M.N., analista de sistemas, 26 anos
“É como se houvesse uma confirmação para a pessoa de que ela não é boa o suficiente para receber afeto.” A postura dos pais tóxicos deixa graves sequelas, normalmente levadas para a vida adulta. As consequências são agressividade, dificuldade de aprendizado, rebeldia, timidez e um enorme sentimento de culpa. “Sempre que alguma coisa sai do controle, seja no trabalho, seja na minha vida pessoal, acho que o erro é meu”, diz a analista de sistemas M.N. (ela prefere não se identificar), 26 anos. Junto com os três irmãos cresceu ouvindo a mãe dizer que eram incompetentes, burros e que ela deveria ter abortado todos. Até começar a frequentar a casa dos amiguinhos da escola, M. acreditava que esse comportamento era normal. “Ela nunca me fez um cafuné”, recorda. O resultado da violência emocional para a jovem foi a síndrome do pânico, distúrbio com o qual conviveu por dois anos. Mesmo quando os pais alternam atitudes carinhosas e agressivas, o reflexo no desenvolvimento dos filhos é negativo. “A criança nunca sabe o que esperar e nem como agir”, diz o psicólogo Julio Peres, autor do livro “Trauma e Superação – O que a Psicologia, a Neurociência e a Espiritualidade Ensinam” (Ed. Roca). “Ela cresce num estado de alerta, o que causa uma ansiedade que se torna crônica.”

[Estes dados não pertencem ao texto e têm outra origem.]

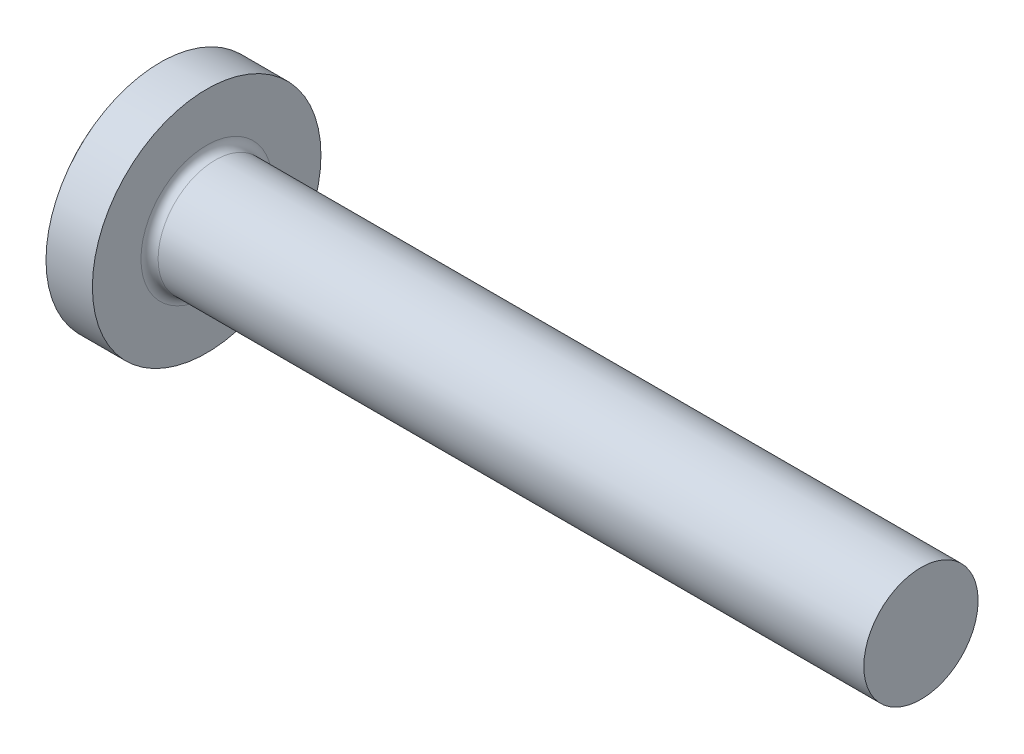
SolidWorks part; units mm, degrees
ref_plane "Front Plane" through (0, 0, 0) normal (0, 0, 1) x (1, 0, 0)
ref_plane "Top Plane" through (0, 0, 0) normal (0, 1, 0) x (1, 0, 0)
ref_plane "Right Plane" through (0, 0, 0) normal (1, 0, 0) x (0, 0, -1)
sketch "BodySke" plane through (0, 0, 0) normal (0, 0, 1) x (1, 0, 0)
  line L0 (0, 0) -> (111.3824, 0) construction
  line L1 (0, 0) -> (0, 8) construction
  line L2 (6, 4) -> (6, 8)
  line L3 (6, 8) -> (2.753, 8)
  line L4 (6, 4) -> (56, 4)
  line L5 (56, 4) -> (56, 0)
  line L6 (7.25, 7.824) -> (7.25, -6.8939) construction
  line L7 (0, 0) -> (56, 0)
  line L8 (8.5, 8.824) -> (8.5, -4.958) construction
  arc A1 (2.753, 8) -> (0, 0) centre (13, 0) ccw
  point P10 (56, 3.4455)
  dimension "Thread_minor" = 6.891
  dimension "Head_height" = 6
  dimension "Advance" = 1.25
  dimension "Length" = 50
  dimension "Head_dia" = 16
revolve "BaseBody" add sketch "BodySke" angle 360 about L0
cosmetic thread "ThreadCosmetic" [suppressed] parameters "Thread_minor"=6.891
fillet "Fillet1" radius 0.6 1 edges at (6, 0, 4)
ref_plane "Plane1" through (4.5, 0, 0) normal (1, 0, 0) x (0, 0, -1)
sketch "RecSkeTop" plane through (0, 0, 0) normal (1, 0, 0) x (0, 0, -1)
  line L1 (-0.968, 4.4) -> (0.968, 4.4)
  line L2 (-0.968, 4.4) -> (-0.968, -4.4)
  line L3 (-0.968, -4.4) -> (0.968, -4.4)
  line L4 (0.968, 4.4) -> (0.968, -4.4)
  dimension "D1" = 4.4
  dimension "D2" = 1.936
  dimension "D3" = 0.968
sketch "RecSkeBot" plane through (4.5, 0, 0) normal (1, 0, 0) x (0, 0, -1)
  line L0 (-0.968, 4.4) -> (-0.968, -4.4) construction
  line L1 (-0.968, 2.1564) -> (0.968, 2.1564)
  line L2 (-0.968, 2.1564) -> (-0.968, -2.1564)
  line L3 (-0.968, -2.1564) -> (0.968, -2.1564)
  line L4 (0.968, 2.1564) -> (0.968, -2.1564)
  line L5 (0.968, 4.4) -> (0.968, -4.4) construction
  dimension "D1" = 4.3128
  dimension "D2" = 2.1564
loft "Recess" cut profiles "RecSkeTop", "RecSkeBot" connector at (0, -4.4, 0.968) connector at (4.5, -2.1564, 0.968)
pattern_circular "RecPat" count 2 every 90 about axis through (0, 0, 0) along (1, 0, 0) of "Recess"
sketch "RecCorSke" plane through (0, 0, 0) normal (0, 0, 1) x (1, 0, 0)
  line L0 (0, 0) -> (57.5987, 0) construction
  line L1 (0, 0) -> (0, 2.1296)
  line L3 (0, 2.1296) -> (4.5, 1.8149)
  line L4 (4.5, 1.8149) -> (5.0897, 0)
  line L5 (5.0897, 0) -> (0, 0)
  dimension "D1" = 18
  dimension "D2" = 4.5
  dimension "D3" = 2.1296
  dimension "D4" = 4
revolve "RecessCore" cut sketch "RecCorSke" angle 360 about L0
sketch "ThdSchSke" plane through (0, 0, 0) normal (0, 0, 1) x (1, 0, 0)
  line L0 (0, 0) -> (55.1256, 0) construction
  line L1 (0, 0) -> (111.3824, 0) construction
  line L2 (55.6799, 4) -> (55.6799, 4.6403)
  line L3 (55.6799, 4.6403) -> (56.3201, 4.6403)
  line L4 (56.3201, 4.6403) -> (56.3201, 4)
  line L5 (56.3201, 4) -> (56, 3.4455)
  line L6 (56, 3.4455) -> (55.6799, 4)
  line L7 (6, 4) -> (56, 4) construction
  line L13 (56, 4) -> (56, 0) construction
revolve "ThreadSchematic" [suppressed] cut sketch "ThdSchSke" angle 360 about L0
pattern_linear "ThdSchPat" [suppressed] count 39 along (-1, 0, 0) of bodies 103
equation "\"Thread_minor@ThreadCosmetic\" = \"Thread_minor@BodySke\""
equation "\"D1@RecSkeTop\" = \"Cross_dia@RecSkeTop\" / 2"
equation "\"D2@RecSkeTop\" = \"Cross_dia@RecSkeTop\" * 0.22"
equation "\"D3@RecSkeTop\" = \"D2@RecSkeTop\" / 2"
equation "\"D1@RecSkeBot\" = \"Cross_dia@RecSkeTop\" - 2 * \"Cross_depth@Plane1\" *  tan( 26.5 * 0.017453292 ) "
equation "\"D2@RecSkeBot\" = \"D1@RecSkeBot\" / 2"
equation "\"D2@RecCorSke\" = \"Cross_depth@Plane1\""
equation "\"D3@RecCorSke\" = \"D2@RecSkeTop\" * 1.1"
equation "\"Advance@ThdSchPat\" = \"Advance@BodySke\""
equation "\"D1@ThdSchPat\" =  int( ( \"Length@BodySke\"-\"Thread_runout@BodySke\" )  / \"Advance@ThdSchPat\" ) + 1 "

“Uma vez coloquei um biquíni e minha mãe disse para eu tirar porque estava enorme de gorda”
P.O., escritora, 45 anos
A escritora P.O.*, 45 anos, lembra de a mãe ser amorosa com ela em várias situações. Mas também sabe o quanto ela pode ser cruel quando quer ofendê-la. “Uma vez, aos 11 anos, coloquei um biquíni e ela me repreendeu, dizendo para eu tirar aquilo porque estava enorme de gorda.” Anos mais tarde, a escritora enfrentou a anorexia e a depressão. Há diferentes explicações para compreender por que esses pais agem assim. Caso uma criança tenha nascido num momento de dificuldade financeira, perda ou tristeza, eles podem criar bloqueios para a construção de uma ligação afetiva. “Eles atribuem o problema à vinda do filho”, diz a psicóloga Rosa Maria Mariotto, professora da Pontifícia Universidade Católica do Paraná (PUC-PR). Outra hipótese é que esses pais também tenham sido maltratados na infância. Eles assimilam o que sofreram como sendo a forma de educar e passam de vítimas a agressores. E a última possibilidade é admitir que há realmente pessoas desprovidas de afeto. “Mães e pais perversos existem”, diz Rosa. A constatação coloca na berlinda o chamado amor incondicional. Esse sentimento, dizem os especialistas, é uma construção moldada de acordo com os desejos de cada um. Não é intuitivo, como defende a crença popular. “É uma questão cultural, imposta pela sociedade”, diz a psicóloga Márcia. O amor incondicional só existe se os pais desenvolveram ao longo da vida recursos para lidar com as adversidades e as mudanças. Porque um filho muda tudo.
TRAUMA
Constance e sua mãe, Carmem: a violência foi tanta que a filha teve de expurgá-la num livro
E quem não está preparado para se doar no papel de mãe ou pai, abrindo mão de uma série de vontades, acaba considerando o nascimento da criança um estorvo. “É um erro acreditar que o fato de uma mulher dar à luz faz dela naturalmente uma boa mãe”, destaca a juíza Constance. Aprender a lidar com esse sentimento é fundamental e as terapias em família são indicadas quando surgem problemas. Já para quem chegou à vida adulta traumatizado pela relação tóxica, a psicoterapia é um caminho. Se transtornos mentais mais graves forem manifestados, são necessários o diagnóstico e o tratamento com remédios, determinados por um psiquiatra. Para muitas das vítimas, o tratamento inclui passar a ter uma relação superficial com os pais. “Aprendi que, para conviver com minha mãe, preciso manter uma distância saudável”, diz a analista de sistemas M., que voltou a falar com a mãe em novembro, depois de dois anos afastada. Em outras histórias, cortar relações é o único meio de alcançar equilíbrio emocional. Foi o que fizeram Constance e a escritora P. Mas superar as tristezas também é possível. A reconciliação do agente de saúde catarinense Paulo César Nascimento, 30 anos, com o pai, Francisco, 54, é a prova.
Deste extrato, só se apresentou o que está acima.